Items from a dataset:
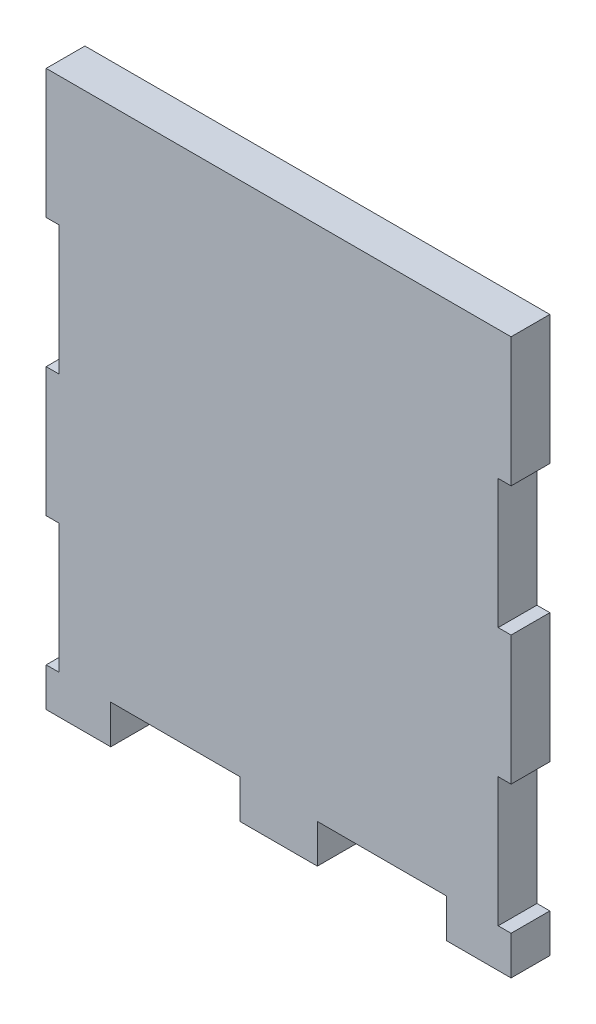
from build123d import *

# Parameters (mm, degrees)
SKETCH1_W           = 1
SKETCH1_H           = 10
BOSS_EXTRUDE1_DEPTH = 3


with BuildPart() as part:
    # Sketch1 → Boss-Extrude1 (new body)
    with BuildSketch(Plane.XY):
        Polygon((1, 10), (1, 0), (5, 0), (15, 0), (18, 0), (18, 40), (1, 40), (1, 30), (1, 20), align=None)
        Polygon((18, 40), (18, 0), (21, 0), (31, 0), (35, 0), (35, 10), (35, 20), (35, 30), (35, 40), align=None)
        with Locations((35.5, 35)):
            Rectangle(SKETCH1_W, SKETCH1_H)
        with Locations((0.5, 35)):
            Rectangle(SKETCH1_W, SKETCH1_H)
        with Locations((0.5, 15)):
            Rectangle(SKETCH1_W, SKETCH1_H)
        with Locations((35.5, 15)):
            Rectangle(SKETCH1_W, SKETCH1_H)
        Polygon((1, 0), (0, 0), (0, -3), (5, -3), (5, 0), align=None)
        Polygon((18, 0), (15, 0), (15, -3), (21, -3), (21, 0), align=None)
        Polygon((31, 0), (31, -3), (36, -3), (36, 0), (35, 0), align=None)
    extrude(amount=BOSS_EXTRUDE1_DEPTH)


solid = part.part
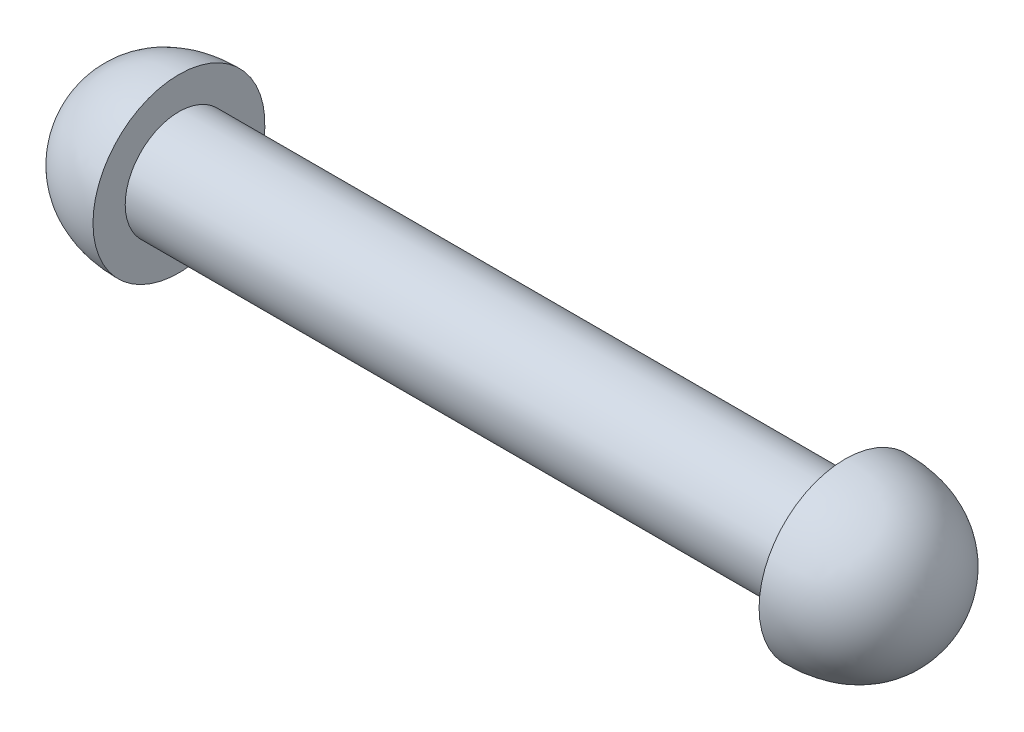
from build123d import *

# Parameters (mm, degrees)
SKETCH1_R           = 25
BOSS_EXTRUDE1_DEPTH = 155


with BuildPart() as part:
    # Sketch1 → Boss-Extrude1 (new body)
    with BuildSketch(Plane(origin=(0, 0, 0), x_dir=(0, 0, -1), z_dir=(1, 0, 0))):
        Circle(SKETCH1_R)
    boss_extrude1 = extrude(amount=BOSS_EXTRUDE1_DEPTH)

    # Sketch3 → Revolve1 (revolve)
    with BuildSketch(Plane.XY, mode=Mode.PRIVATE) as revolve1_sk:
        with BuildLine():
            Line((0, 0), (-45.458392513, 0))
            add(Edge.make_bspline(
                [(-45.458392513, 0), (-45.458392513, 20.183781855), (-30.991238831, 40), (0, 40)],
                knots=[0, 0, 0, 0, 1, 1, 1, 1], degree=3))
            Line((0, 40), (0, 0))
        make_face()
    revolve1 = revolve(revolve1_sk.sketch.rotate(Axis((-100.078673334, 0, 0), (1, 0, 0)), 90), axis=Axis((-100.078673334, 0, 0), (1, 0, 0)))

    # Mirror1: Boss-Extrude1, Revolve1 across plane
    add(boss_extrude1.mirror(Plane(origin=(155, 0, 0), x_dir=(0, 0, 1), z_dir=(1, 0, 0))))
    add(revolve1.mirror(Plane(origin=(155, 0, 0), x_dir=(0, 0, 1), z_dir=(1, 0, 0))))


solid = part.part
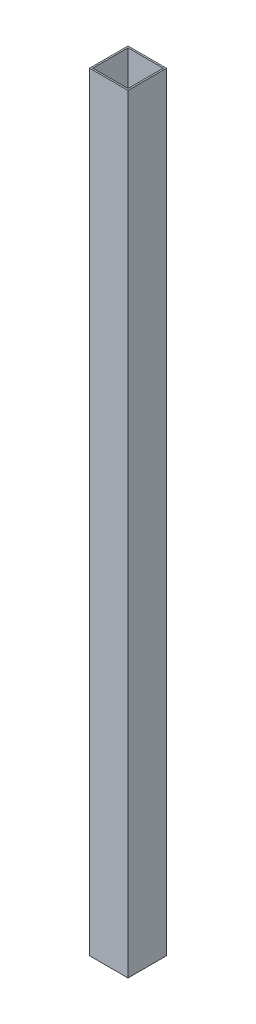
from build123d import *

# Parameters (mm, degrees)
SKETCH1_W           = 50
SKETCH1_H           = 50
SKETCH1_W_2         = 46
SKETCH1_H_2         = 46
BOSS_EXTRUDE1_DEPTH = 1000


with BuildPart() as part:
    # Sketch1 → Boss-Extrude1 (new body)
    with BuildSketch(Plane(origin=(0, 0, 0), x_dir=(1, 0, 0), z_dir=(0, 1, 0))):
        Rectangle(SKETCH1_W, SKETCH1_H)
        Rectangle(SKETCH1_W_2, SKETCH1_H_2, mode=Mode.SUBTRACT)
    extrude(amount=BOSS_EXTRUDE1_DEPTH)


solid = part.part

| Aim of the exercise |
State the number of lines in these entries that include the string "BuildSketch". Provide nothing beyond that number.

| Response |
4